— SUPPLIED RECORDS —

==================================================

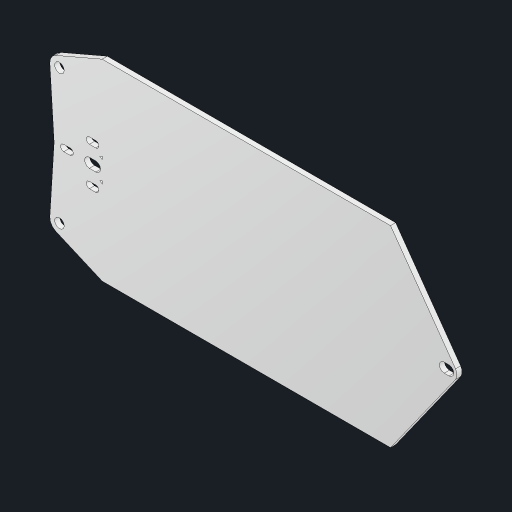
# Autodesk Inventor part: Bottom Plate Poly
Saved by Autodesk Inventor 2023.2 (Build 272271030, 271C)
## iProperties
Created: 2024-02-28
Part Number: Bottom Plate Poly
Material: Aluminum 6061
Document SubType Name: Modeling
Designer: robpl
Density: 2.7 g/cm^3
Appearance: Aluminum - Flat
Mass: 11.953 g
Surface Area: 75.4446 cm^2
Volume: 4.42704 cm^3
Author: robpl
Autodesk Inventor part; units mm, degrees
ref_plane "YZ Plane" through (0, 0, 0) normal (1, 0, 0) x (0, 1, 0)
ref_plane "XZ Plane" through (0, 0, 0) normal (0, 1, 0) x (-1, 0, 0)
ref_plane "XY Plane" through (0, 0, 0) normal (0, 0, 1) x (1, 0, 0)
sketch "Sketch1" plane through (0, 0, 0) normal (0, 0, 1) x (1, 0, 0)
  line L0 (-45, 25) -> (45, 25)
  line L1 (45, 25) -> (45, -25)
  line L2 (45, -25) -> (-45, -25)
  line L3 (-45, -25) -> (-45, 25)
  line L4 (-45, 25) -> (45, -25) construction
  line L5 (45, 25) -> (-45, -25) construction
  line L6 (-45, -25) -> (-40, -25)
  line L7 (-40, -25) -> (-40, -47)
  line L8 (-40, -47) -> (-45, -47)
  line L9 (-45, -47) -> (-45, -25)
  line L10 (45, -25) -> (40, -25)
  line L11 (40, -25) -> (40, -47)
  line L12 (40, -47) -> (45, -47)
  line L13 (45, -47) -> (45, -25)
  line L14 (45, 25) -> (40, 25)
  line L15 (40, 25) -> (40, 47)
  line L16 (40, 47) -> (45, 47)
  line L17 (45, 47) -> (45, 25)
  line L18 (-45, 25) -> (-40, 25)
  line L19 (-40, 25) -> (-40, 47)
  line L20 (-40, 47) -> (-45, 47)
  line L21 (-45, 47) -> (-45, 25)
  circle A0 centre (-48, 0) radius 18
  circle A1 centre (0, 0) radius 66
  circle A2 centre (-58.3352, 21) radius 4
  circle A3 centre (-58.3352, -21) radius 4
  circle A4 centre (-58.3352, -21) radius 1.5
  circle A5 centre (-58.3352, 21) radius 1.5
  line L22 (61.75, 0) -> (63.25, 0) construction
  line L23 (61.75, -4) -> (63.25, -4)
  line L24 (63.25, 4) -> (61.75, 4)
  arc A6 (61.75, 4) -> (61.75, -4) centre (61.75, 0) ccw
  arc A7 (63.25, -4) -> (63.25, 4) centre (63.25, 0) ccw
  line L25 (61.75, 0) -> (63.25, 0) construction
  line L26 (61.75, -1.5) -> (63.25, -1.5)
  line L27 (63.25, 1.5) -> (61.75, 1.5)
  arc A8 (61.75, 1.5) -> (61.75, -1.5) centre (61.75, 0) ccw
  arc A9 (63.25, -1.5) -> (63.25, 1.5) centre (63.25, 0) ccw
  circle A10 centre (61.75, 0) radius 4.25 construction
  circle A11 centre (61.75, 0) radius 4 construction
  line L28 (-45, -25) -> (45, -25) construction
  line L29 (45, -25) -> (45, -30) construction
  line L30 (45, -30) -> (-45, -30)
  line L31 (-45, -30) -> (-45, -25) construction
  line L32 (-45, 30) -> (45, 30)
  line L33 (-47, 0) -> (-49, 0) construction
  line L34 (-47, 1.5) -> (-49, 1.5)
  line L35 (-49, -1.5) -> (-47, -1.5)
  arc A12 (-47, -1.5) -> (-47, 1.5) centre (-47, 0) ccw
  arc A13 (-49, 1.5) -> (-49, -1.5) centre (-49, 0) ccw
  line L36 (-40, 0) -> (-56, 0) construction
  line L37 (-48, -6) -> (-48, 6) construction
  line L38 (-47, 6) -> (-49, 6) construction
  line L39 (-47, 7) -> (-49, 7)
  line L40 (-49, 5) -> (-47, 5)
  arc A14 (-47, 5) -> (-47, 7) centre (-47, 6) ccw
  arc A15 (-49, 7) -> (-49, 5) centre (-49, 6) ccw
  line L41 (-55, 0) -> (-57, 0) construction
  line L42 (-55, 1) -> (-57, 1)
  line L43 (-57, -1) -> (-55, -1)
  arc A16 (-55, -1) -> (-55, 1) centre (-55, 0) ccw
  arc A17 (-57, 1) -> (-57, -1) centre (-57, 0) ccw
  line L44 (-47, -6) -> (-49, -6) construction
  line L45 (-47, -5) -> (-49, -5)
  line L46 (-49, -7) -> (-47, -7)
  arc A18 (-47, -7) -> (-47, -5) centre (-47, -6) ccw
  arc A19 (-49, -5) -> (-49, -7) centre (-49, -6) ccw
  line L47 (-49, 3) -> (-47, 3)
  arc A20 (-47, 3) -> (-47, 9) centre (-47, 6) ccw
  line L48 (-47, 9) -> (-49, 9)
  arc A21 (-49, 9) -> (-49, 3) centre (-49, 6) ccw
  line L49 (-49, -3.5) -> (-47, -3.5)
  arc A22 (-47, -3.5) -> (-47, 3.5) centre (-47, 0) ccw
  line L50 (-47, 3.5) -> (-49, 3.5)
  arc A23 (-49, 3.5) -> (-49, -3.5) centre (-49, 0) ccw
  line L51 (-49, -9) -> (-47, -9)
  arc A24 (-47, -9) -> (-47, -3) centre (-47, -6) ccw
  line L52 (-47, -3) -> (-49, -3)
  arc A25 (-49, -3) -> (-49, -9) centre (-49, -6) ccw
  line L53 (-57, -3) -> (-55, -3)
  arc A26 (-55, -3) -> (-55, 3) centre (-55, 0) ccw
  line L54 (-55, 3) -> (-57, 3)
  arc A27 (-57, 3) -> (-57, -3) centre (-57, 0) ccw
  line L55 (-40, 25) -> (-44.0624, 5.3914)
  line L56 (-40, -25) -> (-44.0624, -5.3914)
  line L57 (61.75, -2.5) -> (63.25, -2.5)
  arc A28 (63.25, -2.5) -> (63.25, 2.5) centre (63.25, 0) ccw
  line L58 (63.25, 2.5) -> (61.75, 2.5)
  arc A29 (61.75, 2.5) -> (61.75, -2.5) centre (61.75, 0) ccw
  line L59 (65.2879, -1.4481) -> (45, -30)
  line L60 (45, 30) -> (65.2879, 1.4481)
  line L61 (42.4191, 25) -> (59.464, 1.0121)
  line L62 (42.4191, -25) -> (59.464, -1.0121)
  circle A30 centre (-58.3352, -21) radius 3
  circle A31 centre (-58.3352, 21) radius 3
  line L63 (-45, -30) -> (-59.5204, -23.756)
  line L64 (-45, 30) -> (-59.5204, 23.756)
  line L65 (-60, 0) -> (-61.3291, -20.8088)
  line L66 (-60, 0) -> (-61.3291, 20.8088)
  point P0 (62.5, 0)
  point P1 (62.5, 0)
  point P2 (-45.7543, -3.2708)
  point P3 (-45.7543, 3.2708)
  point P4 (58.5132, -2.3502)
  point P5 (58.5132, 2.3502)
  point P6 (-45, 3.7639)
  point P7 (-45, 2.8723)
  point P8 (-45, -2.8723)
  point P9 (-45, -3.7639)
  dimension "d0" = 90
  dimension "d1" = 50
  dimension "d2" = 5
  dimension "d3" = 22
  dimension "d5" = 36
  dimension "d6" = 132
  dimension "d7" = 8
  dimension "d8" = 8
  dimension "d9" = 4
  dimension "d10" = 3
  dimension "d11" = 3
  dimension "d12" = 8
  dimension "d13" = 3
  dimension "d14" = 1.5
  dimension "d15" = 8.5
  dimension "d16" = 1.25
  dimension "d17" = 5
  dimension "d18" = 5
  dimension "d19" = 1
  dimension "d20" = 3
  dimension "d21" = 16
  dimension "d22" = 12
  dimension "d23" = 1
  dimension "d24" = 1
  dimension "d25" = 1
  dimension "d26" = 2
  dimension "d27" = 1
  dimension "d28" = 2
  dimension "d29" = 2
  dimension "d30" = 2
  dimension "d31" = 2
  dimension "d32" = 2
  dimension "d33" = 1
  dimension "d35" = 5
  dimension "d36" = 5
  dimension "d37" = 1.5
  dimension "d38" = 1.5
  constraints: 146 end point, 55 point on circle, 36 tangent, 31 centre point, 26 parallel, 11 horizontal, 10 midpoint, 8 perpendicular, 6 coincident, 6 point on line, 5 equal length, 2 horizontal alignment, 2 vertical alignment, 1 collinear, 17 other
  measures "d0" distance of L1.end L2.end
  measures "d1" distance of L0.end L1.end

==================================================

— REQUIRED ACTION —
All lines from the start of the entries above through the line containing "0) x (-1, 0, 0)" are to be given again exactly; the pictures are not.

— SOLVED PROBLEM —
# Autodesk Inventor part: Bottom Plate Poly
Saved by Autodesk Inventor 2023.2 (Build 272271030, 271C)
## iProperties
Created: 2024-02-28
Part Number: Bottom Plate Poly
Material: Aluminum 6061
Document SubType Name: Modeling
Designer: robpl
Density: 2.7 g/cm^3
Appearance: Aluminum - Flat
Mass: 11.953 g
Surface Area: 75.4446 cm^2
Volume: 4.42704 cm^3
Author: robpl
Autodesk Inventor part; units mm, degrees
ref_plane "YZ Plane" through (0, 0, 0) normal (1, 0, 0) x (0, 1, 0)
ref_plane "XZ Plane" through (0, 0, 0) normal (0, 1, 0) x (-1, 0, 0)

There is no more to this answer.